Les robots intelligents n’auront pas besoin de salaire et ne seront pas assujettis aux charges sociales : ils peuvent déjà travailler 24 heures sur 24, 7 jours sur 7, sans être fatigués, ni prendre de congés ou se mettre en grève. Ils ne sont pas sujets à l’émotion, et s’ils tombent en panne, les délais de réparation sont en général inférieurs aux arrêts maladie. « L’avantage est de se débarrasser de biais humains, comme notre tendance à l’irrationnel ou nos défauts de vigilance » (Carl Frey et Michael Osborne).

 

Grâce aux robots et à l’intelligence informatique, Kelly affirme : « Nous pouvons faire des choses que nous n’aurions jamais imaginé faire. […] Les robots vont créer des emplois que nous ne savions même pas que nous voudrions faire. […] Ce n’est pas une course contre les machines.

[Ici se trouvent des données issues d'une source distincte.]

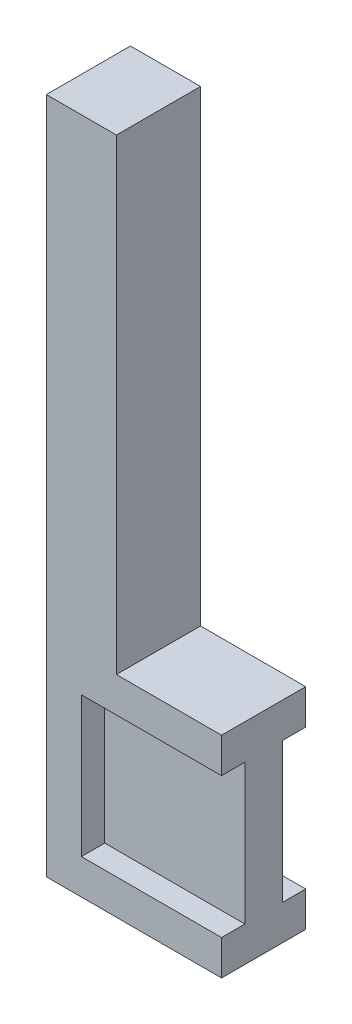
from build123d import *

# Parameters (mm, degrees)
ESQUISSE1_W             = 6
ESQUISSE1_H             = 6
BOSS_EXTRU_3_DEPTH      = 1.6
BOSS_EXTRU_4_DEPTH      = 1
BOSS_EXTRU_4_DEPTH_BACK = 2.6
ESQUISSE3_W             = 6
ESQUISSE3_H             = 1.5
ESQUISSE6_W             = 3
ESQUISSE6_H             = 3.6
BOSS_EXTRU_7_DEPTH      = 20


with BuildPart() as part:
    # Esquisse1 → Boss.-Extru.3 (new body)
    with BuildSketch(Plane.XY):
        with Locations((3, 3)):
            Rectangle(ESQUISSE1_W, ESQUISSE1_H)
    extrude(amount=BOSS_EXTRU_3_DEPTH)

    # Esquisse3 → Boss.-Extru.4 (add, two sides: drawn at the far end of the back side and taken through both)
    with BuildSketch(Plane.XY.offset(1.6).offset(-BOSS_EXTRU_4_DEPTH_BACK)):
        with Locations((3, 6.75)):
            Rectangle(ESQUISSE3_W, ESQUISSE3_H)
        Polygon((0, 7.5), (-1.5, 7.5), (-1.5, -1.5), (0, -1.5), (0, 0), (0, 6), align=None)
        with Locations((3, -0.75)):
            Rectangle(ESQUISSE3_W, ESQUISSE3_H)
    extrude(amount=BOSS_EXTRU_4_DEPTH + BOSS_EXTRU_4_DEPTH_BACK)

    # Esquisse6 → Boss.-Extru.7 (add)
    with BuildSketch(Plane(origin=(0, 7.5, 0), x_dir=(1, 0, 0), z_dir=(0, 1, 0))):
        with Locations((0, -0.8)):
            Rectangle(ESQUISSE6_W, ESQUISSE6_H)
    extrude(amount=BOSS_EXTRU_7_DEPTH)


solid = part.part
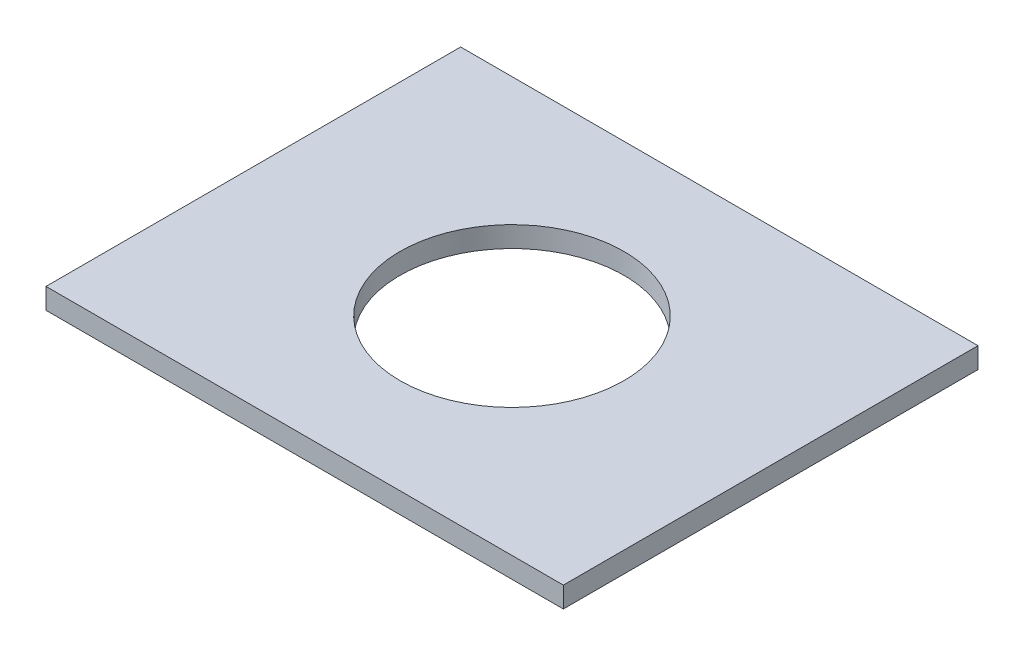
from build123d import *

# Parameters (mm, degrees)
SKETCH1_W           = 124.76
SKETCH1_H           = 100
BOSS_EXTRUDE1_DEPTH = 5
SKETCH2_R           = 27
CUT_EXTRUDE1_DEPTH  = 5


with BuildPart() as part:
    # Sketch1 → Boss-Extrude1 (new body)
    with BuildSketch(Plane(origin=(0, 0, 0), x_dir=(1, 0, 0), z_dir=(0, 1, 0))):
        Rectangle(SKETCH1_W, SKETCH1_H)
    extrude(amount=BOSS_EXTRUDE1_DEPTH)

    # Sketch2 → Cut-Extrude1 (cut)
    with BuildSketch(Plane(origin=(0, 5, 0), x_dir=(1, 0, 0), z_dir=(0, 1, 0))):
        with Locations(Location((0, 0, 0), (0, 0, 270))):
            Circle(SKETCH2_R)
    extrude(amount=-CUT_EXTRUDE1_DEPTH, mode=Mode.SUBTRACT)


solid = part.part
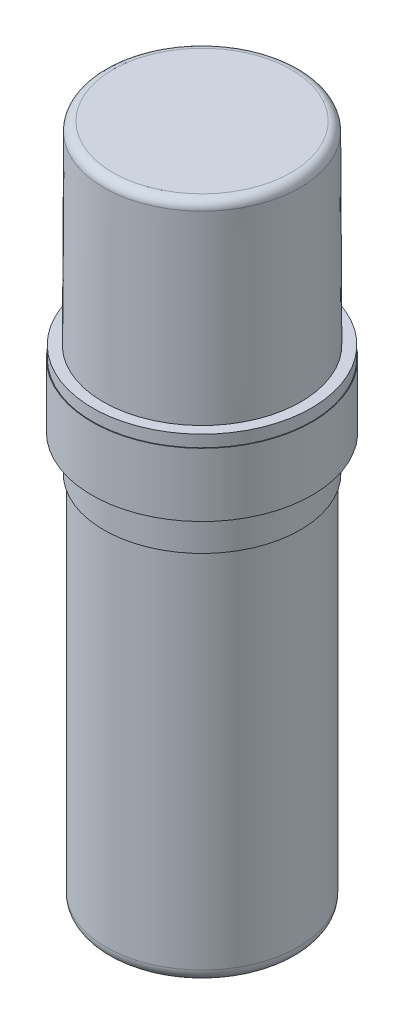
from build123d import *

# Parameters (mm, degrees)
FILLET1_R = 2
FILLET2_R = 3


with BuildPart() as part:
    # Sketch1 → Revolve1 (revolve)
    with BuildSketch(Plane.XY, mode=Mode.PRIVATE) as revolve1_sk:
        Polygon((0, 0), (0, 154.2), (22.2, 154.2), (22.4, 110.3), (24.8, 110.3), (24.8, 107.63), (24.95, 107.63), (24.95, 93.26), (22.25, 93.26), (22.25, 85.09), (21.75, 85.09), (21.75, 0), align=None)
    revolve(revolve1_sk.sketch.rotate(Axis((0, 0, 0), (0, 1, 0)), 90), axis=Axis((0, 0, 0), (0, 1, 0)))

    # Fillet1
    fillet1_edges = [part.edges().sort_by_distance(p)[0] for p in [
        (0, 154.2, 22.2),
    ]]
    fillet(fillet1_edges, radius=FILLET1_R)

    # Fillet2
    fillet2_edges = [part.edges().sort_by_distance(p)[0] for p in [
        (0, 0, 21.75),
    ]]
    fillet(fillet2_edges, radius=FILLET2_R)


solid = part.part
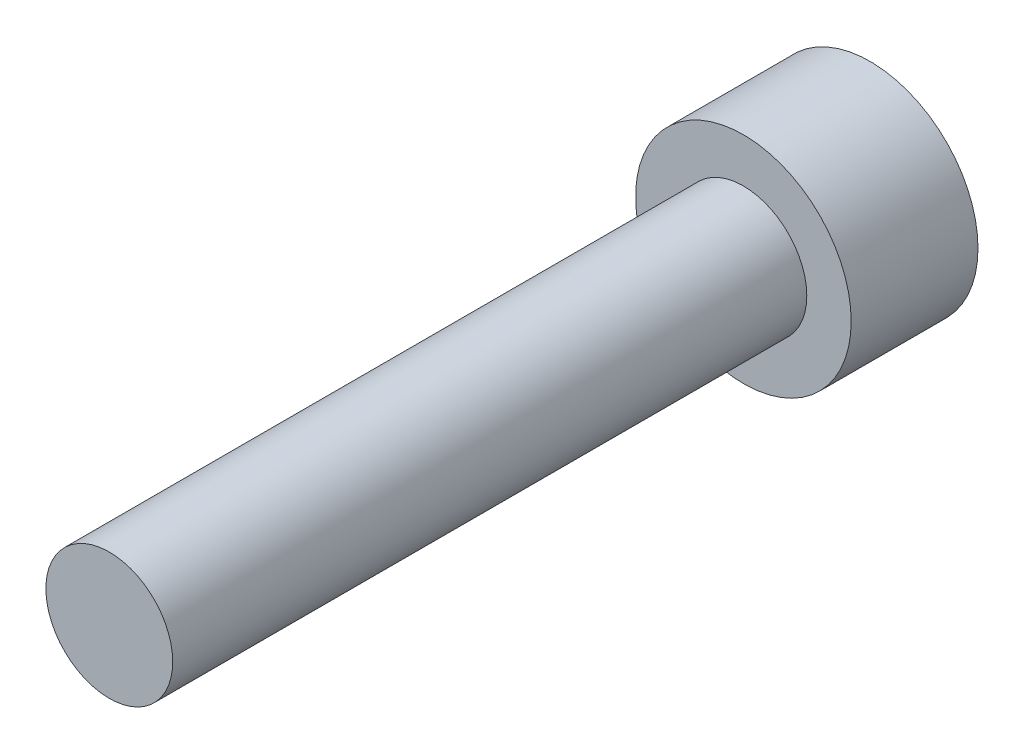
from build123d import *

# Parameters (mm, degrees)
SKETCH1_R           = 4.25
SKETCH1_R_2         = 2.5
BOSS_EXTRUDE3_DEPTH = 5
SKETCH1_3_R         = 2.5
BOSS_EXTRUDE4_DEPTH = 25


with BuildPart() as part:
    # Sketch1 → Boss-Extrude3 (new body)
    # profile 1 of 2: a face of its own
    with BuildSketch(Plane.XY):
        Circle(SKETCH1_R)
        Circle(SKETCH1_R_2, mode=Mode.SUBTRACT)
    # profile 2 of 2: a face of its own
    with BuildSketch(Plane.XY):
        Circle(SKETCH1_R_2)
    extrude(amount=-BOSS_EXTRUDE3_DEPTH)

    # Sketch1<3> → Boss-Extrude4 (add)
    with BuildSketch(Plane.XY):
        Circle(SKETCH1_3_R)
    extrude(amount=BOSS_EXTRUDE4_DEPTH)


solid = part.part

Si nous luttons contre elles, nous perdrons. Il s’agit d’une course avec les machines. Vous serez payé à l’avenir en fonction de la façon dont vous travaillez avec les robots. Quatre-vingt-dix pour cent de vos collègues de travail seront des machines invisibles. Et la plupart des choses que vous ferez ne seront pas possibles sans elles. Il y aura une ligne floue entre ce que vous faites et ce qu’elles font. Vous pourriez ne plus le considérer comme un emploi, du moins au début, car tout ce qui semble être une corvée sera fait par des robots.»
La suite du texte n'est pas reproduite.